Кормежка тоже была не шибкая: тушеные свекольные листья, кислые щи, хлебушек по норме. Самым любимым был наряд на камбуз или ездить за хлебом в пекарню, сердобольные работницы совали нам пару батонов или буханок.

Как-то я поехал на грузовике за картошкой в Петергоф. Он тогда был страшен: окопы, колючая проволока, почти полное разрушение. Кирпич дворцов превратился не в куски или обломки, а в красную пыль, в песок. До сих пор изумляюсь, как удалось все это великолепие вернуть к жизни.

Где-то в октябре сорок пятого стало тревожно и опасно: хлынули демобилизованные и с ними преступность захлестнула. С ней справились быстро и решительно: образовали "тройки", судили сразу и резко. К Новому году стало спокойно, начались ночные балы в домах и дворцах культуры.

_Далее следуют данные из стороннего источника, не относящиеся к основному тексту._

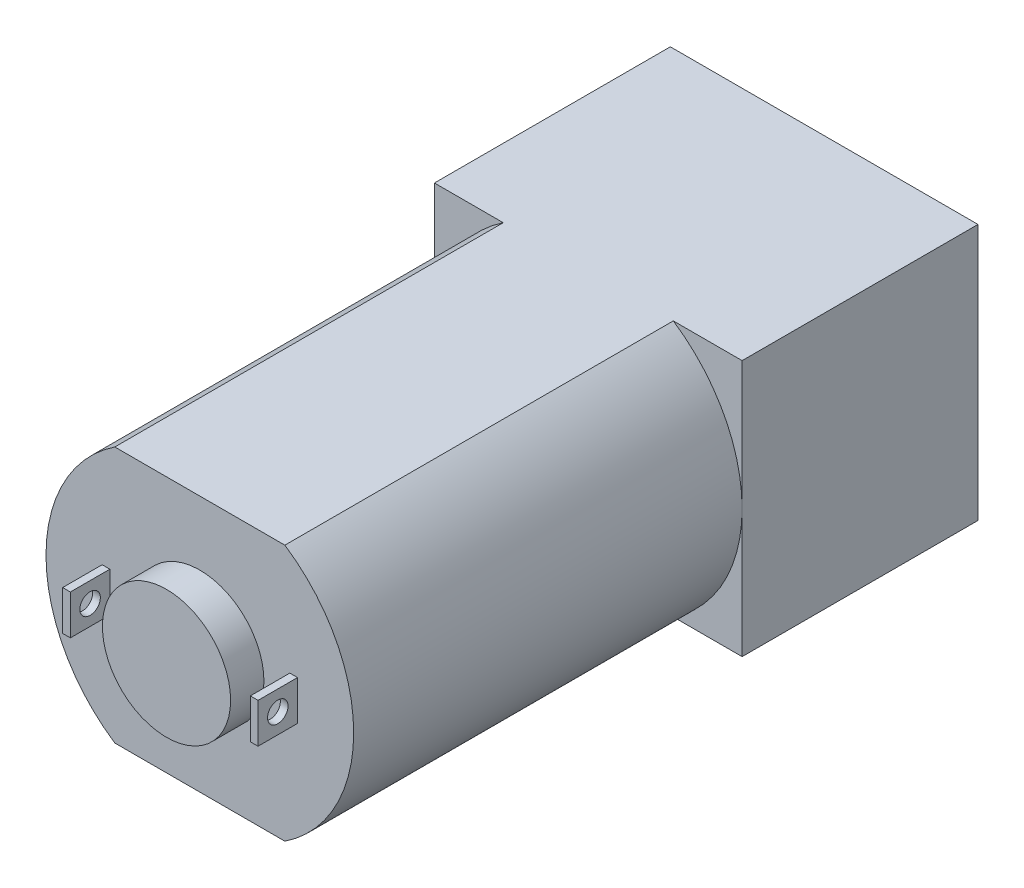
ISO-10303-21;
HEADER;
FILE_DESCRIPTION(('STEP AP214'),'2;1');
FILE_NAME('part.step','',(''),(''),'','','');
FILE_SCHEMA(('AUTOMOTIVE_DESIGN { 1 0 10303 214 1 1 1 1 }'));
ENDSEC;
DATA;
#1=APPLICATION_CONTEXT('core data for automotive mechanical design processes');
#2=APPLICATION_PROTOCOL_DEFINITION('international standard','automotive_design',2000,#1);
#3=PRODUCT_CONTEXT('',#1,'mechanical');
#4=PRODUCT('Part','Part','',(#3));
#5=PRODUCT_RELATED_PRODUCT_CATEGORY('part','',(#4));
#6=PRODUCT_DEFINITION_FORMATION('','',#4);
#7=PRODUCT_DEFINITION_CONTEXT('part definition',#1,'design');
#8=PRODUCT_DEFINITION('design','',#6,#7);
#9=PRODUCT_DEFINITION_SHAPE('','',#8);
#10=(LENGTH_UNIT() NAMED_UNIT(*) SI_UNIT(.MILLI.,.METRE.));
#11=(NAMED_UNIT(*) PLANE_ANGLE_UNIT() SI_UNIT($,.RADIAN.));
#12=(NAMED_UNIT(*) SI_UNIT($,.STERADIAN.) SOLID_ANGLE_UNIT());
#13=UNCERTAINTY_MEASURE_WITH_UNIT(LENGTH_MEASURE(1.E-05),#10,'distance_accuracy_value','');
#14=(GEOMETRIC_REPRESENTATION_CONTEXT(3) GLOBAL_UNCERTAINTY_ASSIGNED_CONTEXT((#13)) GLOBAL_UNIT_ASSIGNED_CONTEXT((#10,
#11,#12)) REPRESENTATION_CONTEXT('',''));
#15=CARTESIAN_POINT('',(0.,0.,0.));
#16=DIRECTION('',(0.,0.,1.));
#17=DIRECTION('',(1.,0.,0.));
#18=AXIS2_PLACEMENT_3D('',#15,#16,#17);
#19=CARTESIAN_POINT('',(3.81,0.775000000000002,16.69));
#20=DIRECTION('',(0.,-1.,0.));
#21=DIRECTION('',(1.,0.,0.));
#22=AXIS2_PLACEMENT_3D('',#19,#20,#21);
#23=PLANE('',#22);
#24=DIRECTION('',(-1.,0.,0.));
#25=VECTOR('',#24,1.);
#26=CARTESIAN_POINT('',(3.81,0.775000000000002,15.15));
#27=LINE('',#26,#25);
#28=CARTESIAN_POINT('',(3.81,0.775000000000002,15.15));
#29=VERTEX_POINT('',#28);
#30=CARTESIAN_POINT('',(3.51,0.775000000000002,15.15));
#31=VERTEX_POINT('',#30);
#32=EDGE_CURVE('E108',#29,#31,#27,.T.);
#33=ORIENTED_EDGE('',*,*,#32,.T.);
#34=DIRECTION('',(0.,0.,-1.));
#35=VECTOR('',#34,1.);
#36=CARTESIAN_POINT('',(3.51,0.775000000000002,16.69));
#37=LINE('',#36,#35);
#38=CARTESIAN_POINT('',(3.51,0.775000000000002,16.69));
#39=VERTEX_POINT('',#38);
#40=EDGE_CURVE('E12',#39,#31,#37,.T.);
#41=ORIENTED_EDGE('',*,*,#40,.F.);
#42=DIRECTION('',(-1.,0.,0.));
#43=VECTOR('',#42,1.);
#44=CARTESIAN_POINT('',(3.81,0.775000000000002,16.69));
#45=LINE('',#44,#43);
#46=CARTESIAN_POINT('',(3.81,0.775000000000002,16.69));
#47=VERTEX_POINT('',#46);
#48=EDGE_CURVE('E96',#47,#39,#45,.T.);
#49=ORIENTED_EDGE('',*,*,#48,.F.);
#50=DIRECTION('',(0.,0.,-1.));
#51=VECTOR('',#50,1.);
#52=CARTESIAN_POINT('',(3.81,0.775000000000002,16.69));
#53=LINE('',#52,#51);
#54=EDGE_CURVE('E104',#47,#29,#53,.T.);
#55=ORIENTED_EDGE('',*,*,#54,.T.);
#56=EDGE_LOOP('',(#33,#41,#49,#55));
#57=FACE_BOUND('',#56,.T.);
#58=ADVANCED_FACE('F45',(#57),#23,.F.);
#59=CARTESIAN_POINT('',(3.51,0.775000000000002,16.69));
#60=DIRECTION('',(1.,0.,0.));
#61=DIRECTION('',(0.,1.,0.));
#62=AXIS2_PLACEMENT_3D('',#59,#60,#61);
#63=PLANE('',#62);
#64=CARTESIAN_POINT('',(3.51,0.,15.92));
#65=DIRECTION('',(-1.,0.,0.));
#66=DIRECTION('',(0.,-1.,0.));
#67=AXIS2_PLACEMENT_3D('',#64,#65,#66);
#68=CIRCLE('',#67,0.400000000000001);
#69=CARTESIAN_POINT('',(3.51,-0.4,15.92));
#70=VERTEX_POINT('',#69);
#71=EDGE_CURVE('E124',#70,#70,#68,.T.);
#72=ORIENTED_EDGE('',*,*,#71,.F.);
#73=EDGE_LOOP('',(#72));
#74=FACE_BOUND('',#73,.T.);
#75=DIRECTION('',(0.,-1.,0.));
#76=VECTOR('',#75,1.);
#77=CARTESIAN_POINT('',(3.51,0.775000000000002,15.15));
#78=LINE('',#77,#76);
#79=CARTESIAN_POINT('',(3.51,-0.775,15.15));
#80=VERTEX_POINT('',#79);
#81=EDGE_CURVE('E100',#31,#80,#78,.T.);
#82=ORIENTED_EDGE('',*,*,#81,.T.);
#83=DIRECTION('',(0.,0.,-1.));
#84=VECTOR('',#83,1.);
#85=CARTESIAN_POINT('',(3.51,-0.775,16.69));
#86=LINE('',#85,#84);
#87=CARTESIAN_POINT('',(3.51,-0.775,16.69));
#88=VERTEX_POINT('',#87);
#89=EDGE_CURVE('E53',#88,#80,#86,.T.);
#90=ORIENTED_EDGE('',*,*,#89,.F.);
#91=DIRECTION('',(0.,-1.,0.));
#92=VECTOR('',#91,1.);
#93=CARTESIAN_POINT('',(3.51,0.775000000000002,16.69));
#94=LINE('',#93,#92);
#95=EDGE_CURVE('E91',#39,#88,#94,.T.);
#96=ORIENTED_EDGE('',*,*,#95,.F.);
#97=ORIENTED_EDGE('',*,*,#40,.T.);
#98=EDGE_LOOP('',(#82,#90,#96,#97));
#99=FACE_BOUND('',#98,.T.);
#100=ADVANCED_FACE('F99',(#74,#99),#63,.F.);
#101=CARTESIAN_POINT('',(3.81,-0.775000000000001,16.69));
#102=DIRECTION('',(0.,1.,0.));
#103=DIRECTION('',(-1.,0.,0.));
#104=AXIS2_PLACEMENT_3D('',#101,#102,#103);
#105=PLANE('',#104);
#106=DIRECTION('',(1.,0.,0.));
#107=VECTOR('',#106,1.);
#108=CARTESIAN_POINT('',(3.81,-0.775000000000001,15.15));
#109=LINE('',#108,#107);
#110=CARTESIAN_POINT('',(3.81,-0.775000000000001,15.15));
#111=VERTEX_POINT('',#110);
#112=EDGE_CURVE('E78',#80,#111,#109,.T.);
#113=ORIENTED_EDGE('',*,*,#112,.T.);
#114=DIRECTION('',(0.,0.,-1.));
#115=VECTOR('',#114,1.);
#116=CARTESIAN_POINT('',(3.81,-0.775000000000001,16.69));
#117=LINE('',#116,#115);
#118=CARTESIAN_POINT('',(3.81,-0.775000000000001,16.69));
#119=VERTEX_POINT('',#118);
#120=EDGE_CURVE('E101',#119,#111,#117,.T.);
#121=ORIENTED_EDGE('',*,*,#120,.F.);
#122=DIRECTION('',(1.,0.,0.));
#123=VECTOR('',#122,1.);
#124=CARTESIAN_POINT('',(3.81,-0.775000000000001,16.69));
#125=LINE('',#124,#123);
#126=EDGE_CURVE('E94',#88,#119,#125,.T.);
#127=ORIENTED_EDGE('',*,*,#126,.F.);
#128=ORIENTED_EDGE('',*,*,#89,.T.);
#129=EDGE_LOOP('',(#113,#121,#127,#128));
#130=FACE_BOUND('',#129,.T.);
#131=ADVANCED_FACE('F102',(#130),#105,.F.);
#132=CARTESIAN_POINT('',(3.81,0.775000000000002,16.69));
#133=DIRECTION('',(-1.,0.,0.));
#134=DIRECTION('',(0.,-1.,0.));
#135=AXIS2_PLACEMENT_3D('',#132,#133,#134);
#136=PLANE('',#135);
#137=CARTESIAN_POINT('',(3.81,0.,15.92));
#138=DIRECTION('',(-1.,0.,0.));
#139=DIRECTION('',(0.,-1.,0.));
#140=AXIS2_PLACEMENT_3D('',#137,#138,#139);
#141=CIRCLE('',#140,0.400000000000001);
#142=CARTESIAN_POINT('',(3.81,-0.4,15.92));
#143=VERTEX_POINT('',#142);
#144=EDGE_CURVE('E111',#143,#143,#141,.F.);
#145=ORIENTED_EDGE('',*,*,#144,.F.);
#146=EDGE_LOOP('',(#145));
#147=FACE_BOUND('',#146,.T.);
#148=DIRECTION('',(0.,1.,0.));
#149=VECTOR('',#148,1.);
#150=CARTESIAN_POINT('',(3.81,0.775000000000002,15.15));
#151=LINE('',#150,#149);
#152=EDGE_CURVE('E84',#111,#29,#151,.T.);
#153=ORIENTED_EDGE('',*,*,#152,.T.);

1946 год я встретил на вахте - попал дневальным по роте. Помню радио, пели заздравную И.Дунаевского: "Кто в Ленинград пробирался болотами, горло ломая врагу..." Не мог я знать, сколь тяжким окажется наступающий год для страны и для меня самого. Неурожай, голодуха, болезнь, больница в Москве (это случилось по пути из Новороссийска, где тогда жили мать и сестра). Когда вернулся к ним, стало ясным, что мореходка от меня ушла: туберкулезный инфильтрат обнаружился, потом - жестокий плеврит, сердце сдвинулось на сколько-то сантиметров, болело непрерывно, и вздохнуть полной грудью не мог. Мать плакала, нечем было кормиться. Потом мне еще много болей довелось испытать, но ту перенес если и не легко, то достойно - не веря в конец жизни. К осени устроился на работу корректором в газету "Новороссийский рабочий". Плеврит вылечил туберкулез, отключив легкое, я пошел на медкомиссию, все обошлось. Написал своему депутату, министру-папанинцу П.П.Ширшову, за которого голосовал впервые, и он приказал восстановить меня в мореходке.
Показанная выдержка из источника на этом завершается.